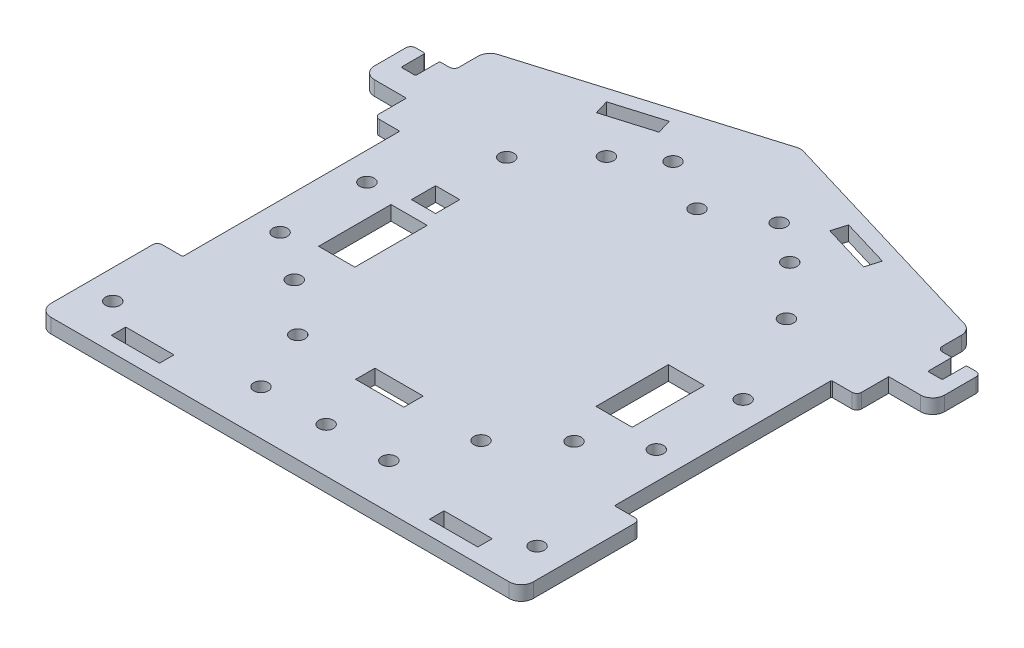
SolidWorks part; units mm, degrees
ref_plane "Alzado" through (0, 0, 0) normal (0, 0, 1) x (1, 0, 0)
ref_plane "Planta" through (0, 0, 0) normal (0, 1, 0) x (1, 0, 0)
ref_plane "Vista lateral" through (0, 0, 0) normal (1, 0, 0) x (0, 0, -1)
sketch "Croquis3" plane through (0, 0, 0) normal (0, 1, 0) x (1, 0, 0)
  line L3 (-50, -45) -> (50, -45)
  line L5 (-50, 45) -> (50, -45) construction
  line L6 (-50, -45) -> (50, 45) construction
  line L7 (-48.3179, 45.5346) -> (-0.6155, 59.8352)
  line L17 (0, 7.5742) -> (0, -7.5742) construction
  line L18 (-8.1342, 0) -> (8.1342, 0) construction
  line L21 (5, 0) -> (25, 0) construction
  line L28 (25, 7.5) -> (25, -7.5)
  line L29 (25, -7.5) -> (32.5, -7.5)
  line L30 (32.5, -7.5) -> (32.5, 7.5)
  line L31 (32.5, 7.5) -> (25, 7.5)
  line L32 (-32.5, -7.5) -> (-32.5, 7.5)
  line L33 (-25, -7.5) -> (-32.5, -7.5)
  line L34 (-25, 7.5) -> (-25, -7.5)
  line L35 (-32.5, 7.5) -> (-25, 7.5)
  line L36 (-24.4667, 52.6849) -> (-23.5953, 49.7782) construction
  line L45 (-50.1, 38.1899) -> (-47.1, 38.1899) construction
  line L46 (-50.1, 38.1899) -> (-53.1, 38.1899)
  line L47 (-53.1, 38.1899) -> (-53.1, 33.1899)
  line L48 (-53.1, 33.1899) -> (-56.1, 33.1899)
  line L49 (-56.1, 33.1899) -> (-56.1, 38.1899)
  line L50 (-56.1, 38.1899) -> (-59.1, 38.1899)
  line L51 (-59.1, 38.1899) -> (-59.1, 30.6899)
  line L52 (-56.6, 28.1899) -> (-50, 28.1899)
  line L53 (-50.1, 43.1399) -> (-50.1, 38.1899)
  line L54 (-50, 28.1899) -> (-50, -45)
  line L55 (50, 28.1899) -> (50, -45)
  line L56 (56.6, 28.1899) -> (50, 28.1899)
  line L57 (59.1, 38.1899) -> (59.1, 30.6899)
  line L58 (56.1, 38.1899) -> (59.1, 38.1899)
  line L59 (56.1, 33.1899) -> (56.1, 38.1899)
  line L60 (53.1, 33.1899) -> (56.1, 33.1899)
  line L61 (53.1, 38.1899) -> (53.1, 33.1899)
  line L62 (50.1, 38.1899) -> (53.1, 38.1899)
  line L69 (-23.5953, 49.7782) -> (-18.5953, 51.2772)
  line L70 (-18.5953, 51.2772) -> (-17.696, 48.2772)
  line L71 (-23.5953, 49.7782) -> (-28.5953, 48.2793)
  line L72 (-28.5953, 48.2793) -> (-27.696, 45.2793)
  line L73 (-27.696, 45.2793) -> (-17.696, 48.2772)
  line L74 (28.5953, 48.2793) -> (27.696, 45.2793)
  line L75 (23.5953, 49.7782) -> (28.5953, 48.2793)
  line L76 (23.5953, 49.7782) -> (18.5953, 51.2772)
  line L77 (18.5953, 51.2772) -> (17.696, 48.2772)
  line L78 (27.696, 45.2793) -> (17.696, 48.2772)
  line L79 (48.3179, 45.5346) -> (0.6155, 59.8352)
  line L80 (50.1, 43.1399) -> (50.1, 38.1899)
  arc A5 (-48.3179, 45.5346) -> (-50.1, 43.1399) centre (-47.6, 43.1399) ccw
  arc A7 (-59.1, 30.6899) -> (-56.6, 28.1899) centre (-56.6, 30.6899) ccw
  arc A8 (59.1, 30.6899) -> (56.6, 28.1899) centre (56.6, 30.6899) cw
  arc A9 (48.3179, 45.5346) -> (50.1, 43.1399) centre (47.6, 43.1399) cw
  arc A10 (-0.6155, 59.8352) -> (0.6155, 59.8352) centre (0, 57.2969) cw
  point P0 (0, 0)
  point P16 (0, 0)
  point P18 (0, 0)
  point P26 (21.4666, 4.1883)
  point P29 (0, 0)
  point P39 (25, 0)
  point P53 (0, 60)
  point P59 (-23.5953, 49.7782)
  point P60 (-23.5953, 49.7782)
  point P66 (-50.1, 38.1899)
  point P78 (-59.1, 28.1899)
  dimension "D29" = 2.5
  dimension "D1" = 90
  dimension "D2" = 100
  dimension "D5" = 15
  dimension "D14" = 20
  dimension "D15" = 7.5
  dimension "D16" = 15
  dimension "D18" = 3
  dimension "D19" = 3
  dimension "D20" = 5
  dimension "D21" = 5
  dimension "D22" = 4.95
  dimension "D23" = 10
  dimension "D24" = 5
  dimension "D25" = 5
  dimension "D26" = 3
  dimension "D27" = 3
  dimension "D28" = 3
extrude "Saliente-Extruir1" add sketch "Croquis3" along normal blind 3
sketch "Croquis4" plane through (0, 3, 0) normal (0, 1, 0) x (1, 0, 0)
  line L0 (-32.5, 7.5) -> (-32.5, -7.5) construction
  line L1 (44.75, 21.57) -> (58.75, 21.57)
  line L2 (44.75, 21.57) -> (44.75, -23.43)
  line L3 (44.75, -23.43) -> (58.75, -23.43)
  line L4 (58.75, 21.57) -> (58.75, -23.43)
  line L5 (44.75, 21.57) -> (58.75, -23.43) construction
  line L6 (44.75, -23.43) -> (58.75, 21.57) construction
  line L7 (0, 9.5449) -> (0, -9.5449) construction
  line L8 (-44.75, -23.43) -> (-58.75, -23.43)
  line L9 (-58.75, 21.57) -> (-58.75, -23.43)
  line L10 (-44.75, 21.57) -> (-58.75, 21.57)
  line L11 (-44.75, 21.57) -> (-44.75, -23.43)
  line L12 (-28.75, 7.5) -> (-28.75, 24) construction
  line L13 (-25, 7.5) -> (-32.5, 7.5) construction
  line L14 (-8.1155, 0) -> (8.1155, 0) construction
  line L16 (-38, -45) -> (-28, -45)
  line L17 (-50, -45) -> (50, -45) construction
  line L18 (-38, -45) -> (-38, -42)
  line L19 (-38, -42) -> (-28, -42)
  line L20 (-28, -45) -> (-28, -42)
  line L24 (38, -42) -> (28, -42)
  line L25 (28, -45) -> (28, -42)
  line L26 (38, -45) -> (28, -45)
  line L27 (38, -45) -> (38, -42)
  line L28 (-50, -38.7033) -> (50, -38.7033) construction
  line L29 (-50, 28.1899) -> (-50, -45) construction
  line L31 (-44.75, 9) -> (-33.25, 9) construction
  line L32 (50, -45) -> (50, 28.1899) construction
  line L35 (-44.75, 9) -> (-44.75, -9) construction
  line L36 (-32.75, -15.8561) -> (32.75, -15.8561) construction
  line L37 (-44.75, -9) -> (-33.25, -9) construction
  line L38 (-33.25, 9) -> (-33.25, -9) construction
  circle A6 centre (0.25, -38.7033) radius 1.5
  circle A18 centre (-39, 9) radius 1.5
  circle A19 centre (39, 9) radius 1.5
  circle A20 centre (39, -9) radius 1.5
  circle A21 centre (-39, -9) radius 1.5
  circle A24 centre (-43.981, -38.7033) radius 1.5
  circle A25 centre (-13.25, -38.7033) radius 1.5
  circle A26 centre (13.25, -38.7033) radius 1.5
  circle A27 centre (43.981, -38.7033) radius 1.5
  point P0 (51.75, -0.93)
  point P11 (0, 0)
  point P23 (0, 0)
  point P29 (-38, -45)
  point P70 (-32.5, 0)
  point P71 (-33.25, 0)
  dimension "D4" = 3
  dimension "D6" = 3
  dimension "D12" = 18
  dimension "D13" = 3
  dimension "D14" = 3
  dimension "D15" = 3
  dimension "D1" = 14
  dimension "D2" = 45
  dimension "D3" = 16.5
  dimension "D7" = 10
  dimension "D11" = 11.5
extrude "Cortar-Extruir1" cut sketch "Croquis4" against normal mid plane 6
sketch "Croquis5" plane through (0, 0, 0) normal (0, 1, 0) x (1, 0, 0)
  line L0 (-50, -45) -> (50, -45)
  line L5 (50, -45) -> (50, -45.5)
  line L6 (47.5, -48) -> (-47.5, -48)
  line L7 (-50, -45.5) -> (-50, -45)
  arc A0 (50, -45.5) -> (47.5, -48) centre (47.5, -45.5) cw
  arc A1 (-47.5, -48) -> (-50, -45.5) centre (-47.5, -45.5) cw
  point P8 (-50, -48)
  dimension "D2" = 2.5
  dimension "D1" = 3
extrude "Saliente-Extruir2" add sketch "Croquis5" along normal blind 3
fillet "Redondeo2" radius 0.25 12 edges at (53.1, 1.5, -33.1899) (56.1, 1.5, -33.1899) (56.1, 1.5, -38.1899) (53.1, 1.5, -38.1899) (-53.1, 1.5, -33.1899) (-56.1, 1.5, -33.1899) (-56.1, 1.5, -38.1899) (-53.1, 1.5, -38.1899) (44.75, 1.5, -21.57) (44.75, 1.5, 23.43) (-44.75, 1.5, 23.43) (-44.75, 1.5, -21.57)
fillet "Redondeo3" radius 1 8 edges at (-50.1, 1.5, -38.1899) (-59.1, 1.5, -38.1899) (59.1, 1.5, -38.1899) (50.1, 1.5, -38.1899) (-50, 1.5, -21.57) (50, 1.5, -21.57) (50, 1.5, 23.43) (-50, 1.5, 23.43)
sketch "Croquis6" plane through (0, 3, 0) normal (0, 1, 0) x (1, 0, 0)
  line L1 (-23.2779, -29.5559) -> (23.7221, -29.5559) construction
  line L2 (-23.2779, -29.5559) -> (-23.2779, 42.4441) construction
  line L3 (-23.2779, 42.4441) -> (23.7221, 42.4441) construction
  line L4 (23.7221, 42.4441) -> (23.7221, -29.5559) construction
  line L5 (0.2221, 42.4441) -> (0.2221, -29.5559) construction
  line L6 (-28.75, 7.5) -> (-28.75, 10.5) construction
  line L7 (-23.2779, 6.4441) -> (23.7221, 6.4441) construction
  line L12 (-25, 7.5) -> (-32.5, 7.5) construction
  line L13 (-31.25, 10.5) -> (-26.25, 10.5)
  line L14 (-26.25, 10.5) -> (-26.25, 15.5)
  line L15 (-26.25, 15.5) -> (-31.25, 15.5)
  line L16 (-31.25, 15.5) -> (-31.25, 10.5)
  line L17 (-4.7779, -23.5559) -> (5.2221, -23.5559)
  line L18 (-4.7779, -23.5559) -> (-4.7779, -27.5559)
  line L19 (-4.7779, -27.5559) -> (5.2221, -27.5559)
  line L20 (5.2221, -23.5559) -> (5.2221, -27.5559)
  line L21 (-4.7779, -23.5559) -> (5.2221, -27.5559) construction
  line L22 (-4.7779, -27.5559) -> (5.2221, -23.5559) construction
  circle A1 centre (-18.7779, -25.5559) radius 1.5
  circle A3 centre (-18.7779, 38.4441) radius 1.5
  circle A4 centre (19.2221, -25.5559) radius 1.5
  circle A5 centre (19.2221, 38.4441) radius 1.5
  point P0 (0.2221, -25.5559)
  point P8 (0.2221, -29.5559)
  point P28 (-28.75, 10.5)
  dimension "D6" = 3
  dimension "D7" = 4.5
  dimension "D8" = 4
  dimension "D1" = 10
  dimension "D2" = 47
  dimension "D3" = 72
  dimension "D4" = 3
  dimension "D5" = 5
  dimension "D9" = 5
  dimension "D10" = 4
extrude "Cortar-Extruir2" cut sketch "Croquis6" against normal mid plane 10
sketch "Croquis7" plane through (0, 3, 0) normal (0, 1, 0) x (1, 0, 0)
  line L0 (-24.5, 35.9495) -> (24.5, 35.9495) construction
  line L1 (-24.5, 35.9495) -> (-24.5, -24.0505) construction
  line L2 (-24.5, -24.0505) -> (24.5, -24.0505) construction
  line L3 (24.5, -24.0505) -> (24.5, 35.9495) construction
  line L4 (0, 0) -> (0, 12.5454) construction
  line L5 (0, -24.0505) -> (0, -21.0505) construction
  line L6 (32.5, -7.5) -> (32.5, -21.0505) construction
  line L7 (-24.5, 5.9495) -> (24.5, 5.9495) construction
  line L8 (-32.5, -11.0505) -> (32.5, -11.0505) construction
  line L9 (-32.5, -11.0505) -> (-32.5, -21.0505) construction
  line L10 (-32.5, -21.0505) -> (32.5, -21.0505) construction
  line L11 (32.5, -11.0505) -> (32.5, -21.0505) construction
  line L12 (-32.5, -11.0505) -> (32.5, -21.0505) construction
  line L13 (-32.5, -21.0505) -> (32.5, -11.0505) construction
  line L15 (32.5, 22.9495) -> (32.5, 32.9495) construction
  line L16 (-32.5, 22.9495) -> (32.5, 22.9495) construction
  line L17 (-32.5, 22.9495) -> (-32.5, 32.9495) construction
  line L18 (-14.7718, 32.9495) -> (-14.7718, 52.5589) construction
  line L19 (32.5224, 22.9639) -> (32.5224, 32.9639) construction
  line L20 (-14.7718, 52.5589) -> (15.7818, 52.5589) construction
  line L21 (15.7818, 52.5589) -> (15.7818, 32.9495) construction
  line L22 (-18.7779, 38.4441) -> (0, 38.4441) construction
  line L23 (-32.5, 32.9495) -> (-14.7718, 32.9495) construction
  line L24 (15.7818, 32.9495) -> (32.5, 32.9495) construction
  line L25 (-32.4776, 22.9639) -> (32.5224, 22.9639) construction
  line L26 (-32.4776, 22.9639) -> (-32.4776, 32.9639) construction
  line L27 (-14.9776, 32.9639) -> (-14.9776, 52.5733) construction
  line L28 (-14.9776, 52.5733) -> (15.0224, 52.5733) construction
  line L29 (15.0224, 52.5733) -> (15.0224, 32.9639) construction
  line L30 (-32.4776, 32.9639) -> (-14.9776, 32.9639) construction
  line L31 (15.0224, 32.9639) -> (32.5224, 32.9639) construction
  line L32 (-9.4776, 44.4441) -> (9.5224, 44.4441) construction
  line L33 (-14.9776, 51.9441) -> (15.0224, 51.9441) construction
  line L34 (-14.9776, 51.9441) -> (-14.9776, 36.9441) construction
  line L35 (-14.9776, 36.9441) -> (15.0224, 36.9441) construction
  line L36 (15.0224, 51.9441) -> (15.0224, 36.9441) construction
  line L37 (-14.9776, 51.9441) -> (15.0224, 36.9441) construction
  line L38 (-14.9776, 36.9441) -> (15.0224, 51.9441) construction
  circle A7 centre (29.0224, 27.9639) radius 1.5
  circle A8 centre (-29, -16.0505) radius 1.5
  circle A9 centre (29, -16.0505) radius 1.5
  circle A10 centre (-28.9776, 27.9639) radius 1.5
  circle A11 centre (-10.9776, 44.4441) radius 1.5
  circle A12 centre (11.0224, 44.4441) radius 1.5
  circle A14 centre (0, 38.4441) radius 1.5
  point P3 (0, 35.9495)
  point P12 (0, -16.0505)
  point P52 (0.0224, 44.4441)
  point P53 (0.0224, 52.5733)
  point P54 (0.0224, 44.4441)
  point P64 (0, 6.2727)
  dimension "D6" = 3.5
  dimension "D9" = 17.5
  dimension "D11" = 30
  dimension "D10" = 65
  dimension "D7" = 3
  dimension "D15" = 3
  dimension "D1" = 49
  dimension "D2" = 60
  dimension "D3" = 3
  dimension "D4" = 10
  dimension "D5" = 65
  dimension "D8" = 17.5
  dimension "D12" = 3.5
  dimension "D13" = 3.5
  dimension "D14" = 22
  dimension "D16" = 15
  dimension "D17" = 30
extrude "Cortar-Extruir4" cut sketch "Croquis7" against normal mid plane 10

### TASK DETAILS
Look above for the line with "line L20 (-14.7718, 52.5589)" and the line with "line L27 (-14.9776, 32.9639)"; transcribe both and all lines in between, exactly, and nothing else.

### RESULT
  line L20 (-14.7718, 52.5589) -> (15.7818, 52.5589) construction
  line L21 (15.7818, 52.5589) -> (15.7818, 32.9495) construction
  line L22 (-18.7779, 38.4441) -> (0, 38.4441) construction
  line L23 (-32.5, 32.9495) -> (-14.7718, 32.9495) construction
  line L24 (15.7818, 32.9495) -> (32.5, 32.9495) construction
  line L25 (-32.4776, 22.9639) -> (32.5224, 22.9639) construction
  line L26 (-32.4776, 22.9639) -> (-32.4776, 32.9639) construction
  line L27 (-14.9776, 32.9639) -> (-14.9776, 52.5733) construction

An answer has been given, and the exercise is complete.